Plaintiff argues that a "coding failure" prevented the Plaintiff from obtaining the affidavits and documentation needed for its motion and that a clerical audit alerted Plaintiff of the delay. However, the Plaintiff fails to address why it was able to obtain and execute one affidavit well within the one-year period. The Plaintiff also fails to explain why if the remaining affidavits were executed by July 23, 2024, counsel waited an additional six months before filing its motion. The Court cannot accept the bare, conclusory statements by the Plaintiff when its moving papers raises more questions than it answers. The Court finds Plaintiff's excuse to be vague, conclusory, and unsubstantiated; and therefore, Plaintiff fails to show sufficient cause (See Mattera v. Capric, 54 AD3d 827, 828 [2d Dept 2008]; Staples v. Jeff Hunt Developers, 56 AD3d 459, 460 [2d Dept 2008; Lugauer v. Forest City Ratner Co., 44 AD3d 829, 830 [2d Dept [*3]2007]). While the Plaintiff cites cases showing instances where the delay was several years, and unreasonable, it fails to cite one authority supporting the arguments it puts forth in its papers.

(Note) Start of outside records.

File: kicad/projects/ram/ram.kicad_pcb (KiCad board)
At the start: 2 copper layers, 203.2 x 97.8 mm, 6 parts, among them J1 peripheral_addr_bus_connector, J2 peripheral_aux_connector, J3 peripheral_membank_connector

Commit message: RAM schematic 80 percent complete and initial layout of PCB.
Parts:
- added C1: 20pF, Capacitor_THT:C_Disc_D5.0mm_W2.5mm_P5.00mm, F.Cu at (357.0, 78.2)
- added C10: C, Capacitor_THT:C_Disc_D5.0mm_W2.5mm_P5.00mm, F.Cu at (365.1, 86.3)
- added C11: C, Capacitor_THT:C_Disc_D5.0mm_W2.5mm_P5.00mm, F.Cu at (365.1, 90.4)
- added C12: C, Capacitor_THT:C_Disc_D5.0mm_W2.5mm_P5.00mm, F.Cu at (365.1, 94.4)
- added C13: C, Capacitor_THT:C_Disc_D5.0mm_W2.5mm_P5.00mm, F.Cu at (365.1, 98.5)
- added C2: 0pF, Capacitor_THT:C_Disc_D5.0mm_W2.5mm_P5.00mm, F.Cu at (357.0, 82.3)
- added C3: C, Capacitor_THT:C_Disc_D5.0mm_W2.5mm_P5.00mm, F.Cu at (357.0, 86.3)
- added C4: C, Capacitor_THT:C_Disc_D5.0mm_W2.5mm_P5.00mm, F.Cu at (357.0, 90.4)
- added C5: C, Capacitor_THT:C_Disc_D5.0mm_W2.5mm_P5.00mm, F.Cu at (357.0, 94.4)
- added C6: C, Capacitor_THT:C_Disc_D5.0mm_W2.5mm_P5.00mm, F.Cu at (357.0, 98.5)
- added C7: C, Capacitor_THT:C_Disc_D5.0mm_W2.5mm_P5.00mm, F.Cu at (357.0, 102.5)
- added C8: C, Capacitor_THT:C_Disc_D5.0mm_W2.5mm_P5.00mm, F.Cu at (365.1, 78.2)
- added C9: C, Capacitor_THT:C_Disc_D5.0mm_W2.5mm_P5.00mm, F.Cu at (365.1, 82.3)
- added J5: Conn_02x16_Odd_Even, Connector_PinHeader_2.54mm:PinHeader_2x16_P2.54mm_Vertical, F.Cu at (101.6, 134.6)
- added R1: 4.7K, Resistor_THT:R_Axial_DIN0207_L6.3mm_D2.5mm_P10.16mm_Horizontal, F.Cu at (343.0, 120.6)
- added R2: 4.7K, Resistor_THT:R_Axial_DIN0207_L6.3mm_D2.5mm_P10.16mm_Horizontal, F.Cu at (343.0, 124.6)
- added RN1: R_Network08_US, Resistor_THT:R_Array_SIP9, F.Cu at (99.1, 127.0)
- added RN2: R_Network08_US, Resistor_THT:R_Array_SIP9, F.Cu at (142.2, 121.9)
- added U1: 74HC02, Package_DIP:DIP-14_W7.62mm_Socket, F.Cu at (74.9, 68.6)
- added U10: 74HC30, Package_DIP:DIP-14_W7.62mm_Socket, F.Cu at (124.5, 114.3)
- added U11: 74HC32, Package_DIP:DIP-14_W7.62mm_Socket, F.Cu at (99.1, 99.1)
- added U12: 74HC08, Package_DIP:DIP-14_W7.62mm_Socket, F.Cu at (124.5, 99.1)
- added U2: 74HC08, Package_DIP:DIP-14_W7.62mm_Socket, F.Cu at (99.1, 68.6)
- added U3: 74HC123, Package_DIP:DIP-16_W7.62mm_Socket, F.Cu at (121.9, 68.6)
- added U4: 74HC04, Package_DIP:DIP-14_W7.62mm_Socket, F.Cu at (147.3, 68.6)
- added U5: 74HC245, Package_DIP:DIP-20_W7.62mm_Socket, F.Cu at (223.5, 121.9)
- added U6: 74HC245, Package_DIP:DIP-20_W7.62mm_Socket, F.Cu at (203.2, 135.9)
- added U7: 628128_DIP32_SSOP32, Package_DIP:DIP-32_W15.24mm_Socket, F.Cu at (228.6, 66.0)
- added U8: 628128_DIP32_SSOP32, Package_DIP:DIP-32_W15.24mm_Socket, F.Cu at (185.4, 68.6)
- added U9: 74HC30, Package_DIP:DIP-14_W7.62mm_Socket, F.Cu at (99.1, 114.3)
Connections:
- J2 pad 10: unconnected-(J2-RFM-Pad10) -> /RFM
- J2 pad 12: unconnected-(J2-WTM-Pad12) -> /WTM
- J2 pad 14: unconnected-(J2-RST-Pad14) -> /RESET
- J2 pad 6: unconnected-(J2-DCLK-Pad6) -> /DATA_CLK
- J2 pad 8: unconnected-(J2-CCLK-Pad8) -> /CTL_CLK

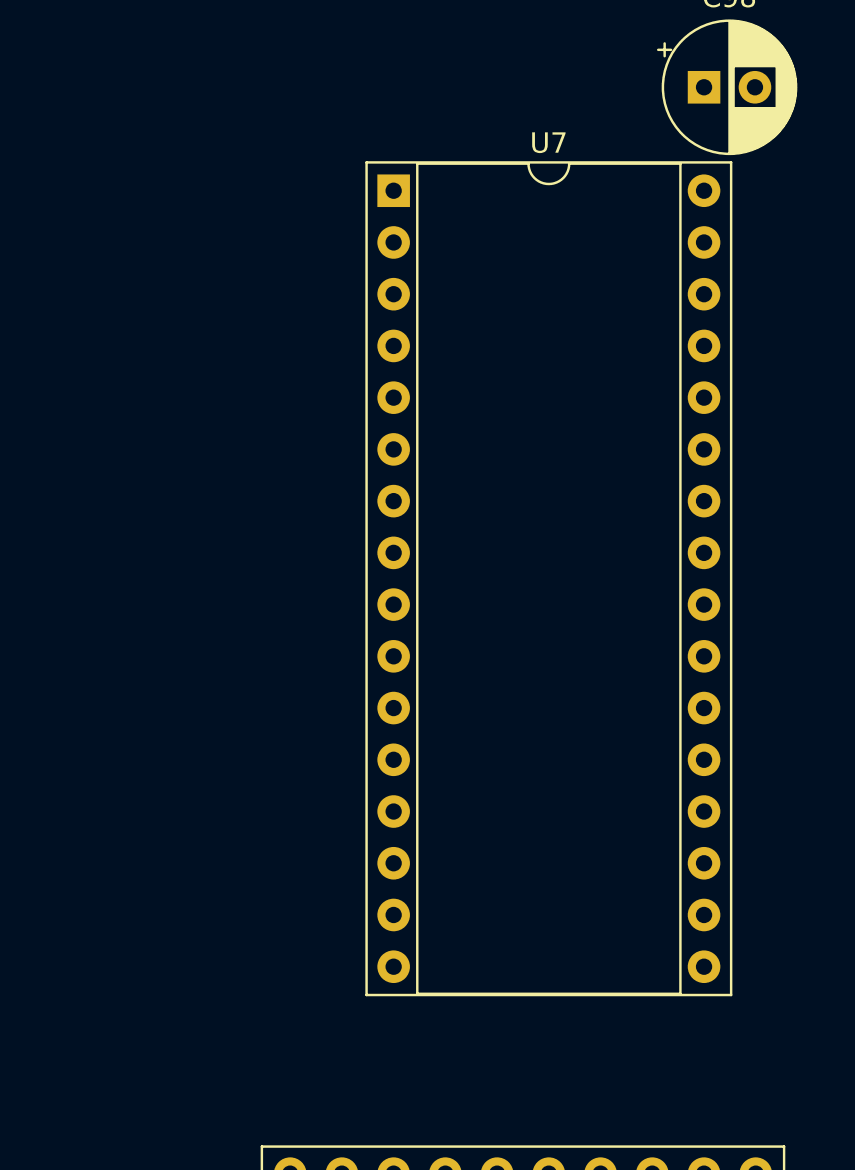
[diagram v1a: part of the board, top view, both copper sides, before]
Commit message: Clean up some ERC checks in RAM
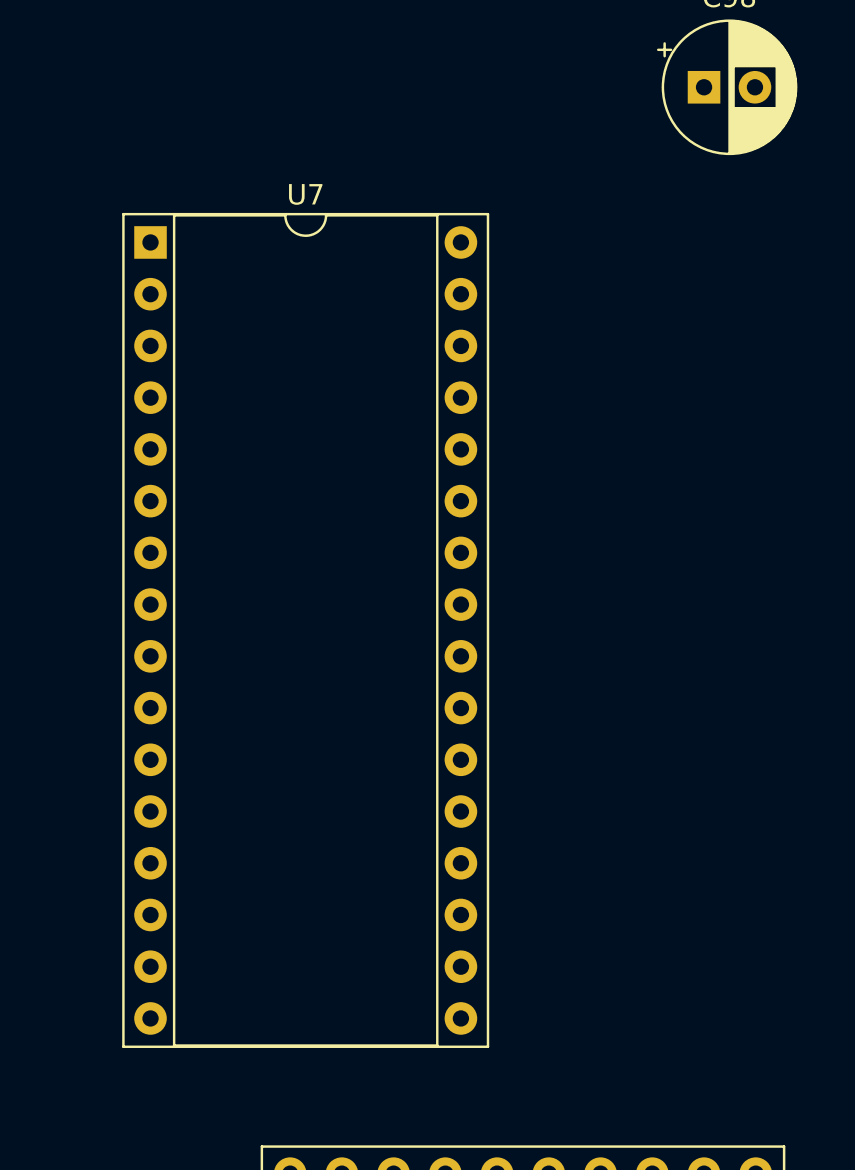
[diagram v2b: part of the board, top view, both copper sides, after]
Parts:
- moved U7 12.2 mm to (216.7, 68.6)
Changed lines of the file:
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@@
   )
   (footprint "Package_DIP:DIP-32_W15.24mm_Socket" (layer "F.Cu")
-    (at 228.6 66.04)
+    (at 216.662 68.58)
     (descr "32-lead though-hole mounted DIP package, row spacing 15.24 mm (600 mils), Socket")
     (tags "THT DIP DIL PDIP 2.54mm 15.24mm 600mil Socket")

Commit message: Start laying out RAM wiring.
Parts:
- added TP1: TestPoint, Connector_PinHeader_2.54mm:PinHeader_1x01_P2.54mm_Vertical, F.Cu at (154.4, 23.6)
- added TP2: TestPoint, Connector_PinHeader_2.54mm:PinHeader_1x01_P2.54mm_Vertical, F.Cu at (152.9, 35.1)
- added TP3: TestPoint, Connector_PinHeader_2.54mm:PinHeader_1x01_P2.54mm_Vertical, F.Cu at (142.7, 35.1)
- added TP4: TestPoint, Connector_PinHeader_2.54mm:PinHeader_1x01_P2.54mm_Vertical, F.Cu at (168.9, 37.8)
- moved C3 174.3 mm to (185.4, 116.8), turned to -90 degrees
- moved C4 141.1 mm to (218.4, 116.8), turned to -90 degrees
- moved C1 32.9 mm to (332.8, 55.9)
- moved C2 28.8 mm to (345.4, 55.9)
- moved U6 17.1 mm to (190.5, 124.5)
- moved U7 14.5 mm to (231.1, 68.6)
- moved U8 12.7 mm to (198.1, 68.6)
- moved RN1 3.59 mm to (96.5, 124.5)
- moved RN2 3.59 mm to (144.8, 124.5)
- moved U5 2.54 mm to (223.5, 124.5)
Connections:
- C10 pad 1: unconnected-(C10-Pad1) -> VCC
- C10 pad 2: unconnected-(C10-Pad2) -> GND
- C11 pad 1: unconnected-(C11-Pad1) -> VCC
- C11 pad 2: unconnected-(C11-Pad2) -> GND
- C12 pad 1: unconnected-(C12-Pad1) -> VCC
- C12 pad 2: unconnected-(C12-Pad2) -> GND
- C13 pad 1: unconnected-(C13-Pad1) -> VCC
- C13 pad 2: unconnected-(C13-Pad2) -> GND
- C3 pad 1: unconnected-(C3-Pad1) -> VCC
- C3 pad 2: unconnected-(C3-Pad2) -> GND
- C4 pad 1: unconnected-(C4-Pad1) -> VCC
- C4 pad 2: unconnected-(C4-Pad2) -> GND
- C5 pad 1: unconnected-(C5-Pad1) -> VCC
- C5 pad 2: unconnected-(C5-Pad2) -> GND
- C6 pad 1: unconnected-(C6-Pad1) -> VCC
- C6 pad 2: unconnected-(C6-Pad2) -> GND
- U1 pad 14: unconnected-(U1E-VCC-Pad14) -> VCC
- U1 pad 7: unconnected-(U1E-GND-Pad7) -> GND
- U10 pad 14: unconnected-(U10B-VCC-Pad14) -> VCC
- U10 pad 7: unconnected-(U10B-GND-Pad7) -> GND
- U11 pad 10: unconnected-(U11-Pad10) -> GND
- U11 pad 12: unconnected-(U11-Pad12) -> GND
- U11 pad 13: unconnected-(U11-Pad13) -> GND
- U11 pad 14: unconnected-(U11E-VCC-Pad14) -> VCC
- U11 pad 4: unconnected-(U11-Pad4) -> GND
- U11 pad 5: unconnected-(U11-Pad5) -> GND
- U11 pad 7: unconnected-(U11E-GND-Pad7) -> GND
- U11 pad 9: unconnected-(U11-Pad9) -> GND
- U12 pad 10: unconnected-(U12-Pad10) -> GND
- U12 pad 12: unconnected-(U12-Pad12) -> GND
- U12 pad 13: unconnected-(U12-Pad13) -> GND
- U12 pad 14: unconnected-(U12E-VCC-Pad14) -> VCC
- U12 pad 7: unconnected-(U12E-GND-Pad7) -> GND
- U12 pad 9: unconnected-(U12-Pad9) -> GND
- U2 pad 14: unconnected-(U2E-VCC-Pad14) -> VCC
- U2 pad 4: unconnected-(U2-Pad4) -> GND
- U2 pad 5: unconnected-(U2-Pad5) -> GND
- U2 pad 7: unconnected-(U2E-GND-Pad7) -> GND
- U3 pad 16: unconnected-(U3C-VCC-Pad16) -> VCC
- U3 pad 8: unconnected-(U3C-GND-Pad8) -> GND
- U4 pad 1: unconnected-(U4-Pad1) -> GND
- U4 pad 14: unconnected-(U4G-VCC-Pad14) -> VCC
- U4 pad 3: unconnected-(U4-Pad3) -> GND
- U4 pad 5: unconnected-(U4-Pad5) -> GND
- U4 pad 7: unconnected-(U4G-GND-Pad7) -> GND
- U4 pad 9: unconnected-(U4-Pad9) -> GND
- U9 pad 14: unconnected-(U9B-VCC-Pad14) -> VCC
- U9 pad 7: unconnected-(U9B-GND-Pad7) -> GND
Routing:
- net /ADDR_BUS_15: track 0.00 -> 144.7 mm
- net /ADDR_BUS_13: track 0.00 -> 138.7 mm, vias 0 -> 4
- net /ADDR_BUS_11: track 0.00 -> 132.7 mm, vias 0 -> 2
- net /ADDR_BUS_09: track 0.00 -> 131.2 mm, vias 0 -> 2
- net /ADDR_BUS_08: track 0.00 -> 130.9 mm, vias 0 -> 2
- net /ADDR_BUS_10: track 0.00 -> 129.2 mm, vias 0 -> 2
- net /ADDR_BUS_14: track 0.00 -> 126.8 mm
- net /ADDR_BUS_12: track 0.00 -> 123.0 mm
- net /ADDR_BUS_07: track 0.00 -> 115.5 mm
- net /ADDR_BUS_06: track 0.00 -> 113.1 mm
- net /ADDR_BUS_05: track 0.00 -> 110.8 mm
- net /ADDR_BUS_04: track 0.00 -> 108.5 mm
- net /ADDR_BUS_03: track 0.00 -> 106.2 mm
- net /ADDR_BUS_01: track 0.00 -> 101.5 mm
- net /ADDR_BUS_00: track 0.00 -> 99.2 mm
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
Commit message: First pass of RAM PCB complete
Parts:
- added C14: C, Capacitor_THT:C_Disc_D5.0mm_W2.5mm_P5.00mm, F.Cu at (241.4, 61.7)
- added D1: LED, sixteen-bit-computer:LED_D5.0mm_Horizontal_O3.81mm_Z3.0mm, F.Cu at (61.0, 63.5)
- added R3: 1K, Resistor_THT:R_Axial_DIN0207_L6.3mm_D2.5mm_P10.16mm_Horizontal, F.Cu at (58.4, 68.6)
- added TP5: GND, Connector_Pin:Pin_D1.0mm_L10.0mm, F.Cu at (195.3, 61.5)
- added TP6: Data Clk, Connector_Pin:Pin_D1.0mm_L10.0mm, F.Cu at (143.5, 61.5)
- RN1, RN2: value R_Network08_US -> 10K
- TP1: value TestPoint -> Long Pulse / RAM ~{WE}; footprint Connector_PinHeader_2.54mm:PinHeader_1x01_P2.54mm_Vertical -> Connector_Pin:Pin_D1.0mm_L10.0mm
- TP2: value TestPoint -> Data Buf Dir; footprint Connector_PinHeader_2.54mm:PinHeader_1x01_P2.54mm_Vertical -> Connector_Pin:Pin_D1.0mm_L10.0mm
- TP3: value TestPoint -> Data Buf ~{OE}; footprint Connector_PinHeader_2.54mm:PinHeader_1x01_P2.54mm_Vertical -> Connector_Pin:Pin_D1.0mm_L10.0mm
- TP4: value TestPoint -> Short Pulse; footprint Connector_PinHeader_2.54mm:PinHeader_1x01_P2.54mm_Vertical -> Connector_Pin:Pin_D1.0mm_L10.0mm
- moved C8 309.3 mm to (55.9, 78.7), turned to 90 degrees
- moved C5 301.1 mm to (55.9, 96.5), turned to -90 degrees
- moved C9 283.9 mm to (81.3, 78.7), turned to 90 degrees
- moved C6 275.7 mm to (81.3, 96.5), turned to -90 degrees
- moved R1 268.7 mm to (81.3, 59.7)
- moved C10 256.2 mm to (109.2, 73.7), turned to -90 degrees
- moved C12 255.9 mm to (109.2, 96.5), turned to -90 degrees
- moved C2 248.0 mm to (97.8, 68.6), turned to 90 degrees
- moved R2 243.9 mm to (108.0, 59.7), turned to 180 degrees
- moved C1 241.7 mm to (91.4, 68.6), turned to 90 degrees
- moved C11 231.1 mm to (134.6, 73.7), turned to -90 degrees
- moved C13 230.5 mm to (134.6, 96.5), turned to -90 degrees
- moved C97 170.0 mm to (221.0, 110.5)
- moved C7 154.1 mm to (208.4, 61.7)
- moved U4 70.6 mm to (86.4, 104.1)
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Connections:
- net /RW_BUF_DIR renamed /DATA_BUF_DIR
- net /RW_BUF_~{OE} renamed /DATA_BUF_~{OE}
- U11 pad 4: GND -> Net-(U11-Pad3)
- U11 pad 5: GND -> Net-(U11-Pad3)
- U11 pad 6: unconnected-(U11-Pad6) -> Net-(R3-Pad2)
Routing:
- net VCC: track 0.00 -> 668.4 mm, vias 0 -> 20
- net /DATA_BUF_DIR: track 0.00 -> 230.7 mm, vias 0 -> 5
- net /DATA_CLK: track 0.00 -> 220.7 mm, vias 0 -> 6
- net /DATA_BUF_~{OE}: track 0.00 -> 218.5 mm, vias 0 -> 6
- net /RAM_~{WE}: track 0.00 -> 179.2 mm, vias 0 -> 5
- net /RFM: track 0.00 -> 171.8 mm, vias 0 -> 2
- net /WTM: track 0.00 -> 162.0 mm, vias 0 -> 2
- net Net-(U3B-~{Q}): track 0.00 -> 104.8 mm, vias 0 -> 2
- net /ADDRESSED_WTM: track 0.00 -> 97.0 mm, vias 0 -> 3
- net Net-(R3-Pad2): track 0.00 -> 77.2 mm, vias 0 -> 2
- net /SAFE_CLK: track 0.00 -> 70.3 mm, vias 0 -> 2
- net /ADDRESSED_RFM: track 0.00 -> 68.6 mm, vias 0 -> 3
- net Net-(U10A-~{Y}): track 0.00 -> 50.7 mm, vias 0 -> 2
- net Net-(U3A-Q): track 0.00 -> 44.1 mm
- net Net-(J5-Pin_16): track 0.00 -> 39.9 mm, vias 0 -> 2
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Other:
- board text added: "ADDRESS IN ENABLED BANK"
- board text added: "BANK ENABLE (JUMPER ON = ENABLE)"
- board text added: "JLCJLCJLCJLC"
- board text added: "RAM"
- board text added: "v 1.0"

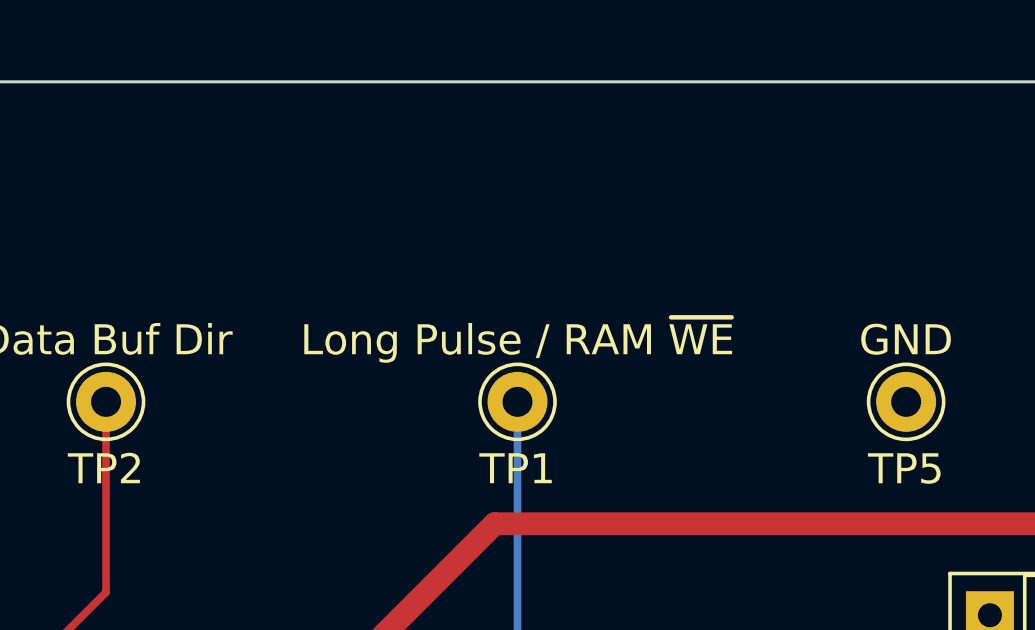
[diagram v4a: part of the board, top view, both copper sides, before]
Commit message: Updates design rules and constraints in peripheral boards. Make a start on CPU board template.
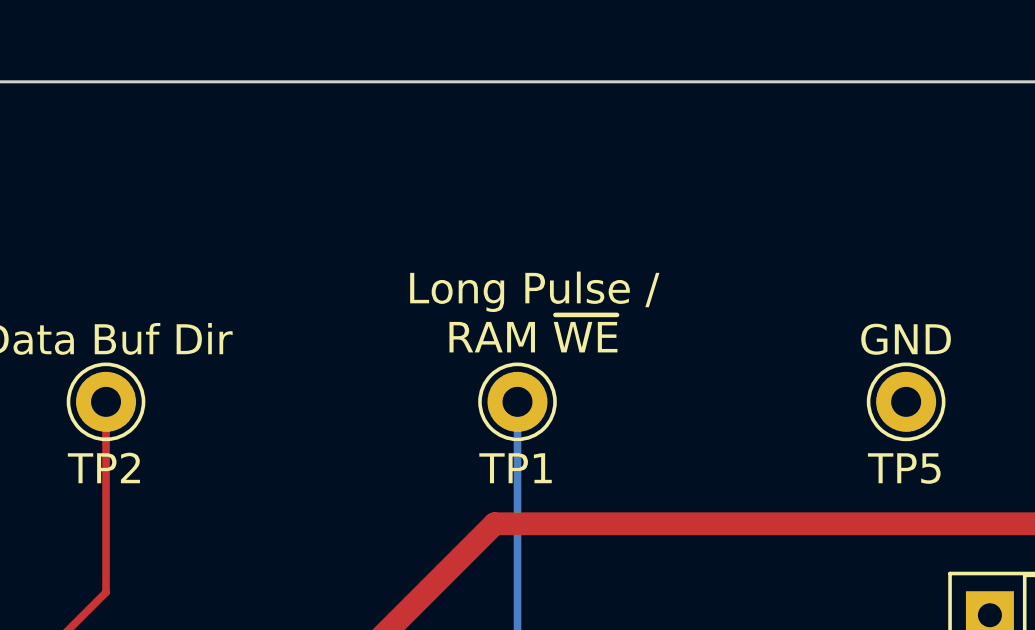
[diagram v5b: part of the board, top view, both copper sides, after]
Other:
- board text added: "Long Pulse / RAM ~{WE}"
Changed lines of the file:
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@@
         (effects (font (size 1 1) (thickness 0.15)))
     )
-    (fp_text value "Long Pulse / RAM ~{WE}" (at 0 -2.05) (layer "F.SilkS")
+    (fp_text value "Long Pulse / RAM ~{WE}" (at 0.254 3.81) (layer "F.Fab")
         (effects (font (size 1 1) (thickness 0.15)))
     )
@@
     (effects (font (size 1.27 1.27) (thickness 0.2032)) (justify bottom))
   )
+  (gr_text "Long Pulse /\nRAM ~{WE}" (at 182.88 59.944) (layer "F.SilkS")
+    (effects (font (size 1.016 1.016) (thickness 0.1524)) (justify bottom))
+  )
   (gr_text "BANK ENABLE\n(JUMPER ON = ENABLE)" (at 103.378 125.222) (layer "F.SilkS")

Since Plaintiff has failed to offer a reasonable excuse for its delay, this Court need not consider whether the Plaintiff has a potentially meritorious cause of action (Deutsche Bank National Trust Company v. Booker, 173 AD3d 683, 685 [2d Dept 2019]).

Accordingly, it is hereby

ORDERED that the Plaintiff's motion is DENIED in its entirety; and it is further

ORDERED that the case is DISMISSED as abandoned pursuant to CPLR 3215(c).

The foregoing constitutes the Decision and Order of the Court.

Date: March 3, 2025
Staten Island, New York
Hon. Michael J. Pinto
Judge, Civil Court

Footnotes


Footnote 1: While the notice of motion and attorney affirmation are dated December 31, 2024, the affidavit of service shows that the motion was not served until January 17, 2025, the same date it was filed with the Court.

Footnote 2: Plaintiff states that the Defendant had until May 16, 2023, to respond to the Complaint. However, under the Civil Court Act, service is complete upon filing of proof of service with the Court (Rodriguez v Rodriguez, 103 AD3d 117, 123 [2d Dept 2012]). Therefore, the provision of CPLR 308 which states that service is complete ten days after the filing of proof of service is inapplicable in this matter. Regardless, the Defendant remains in default.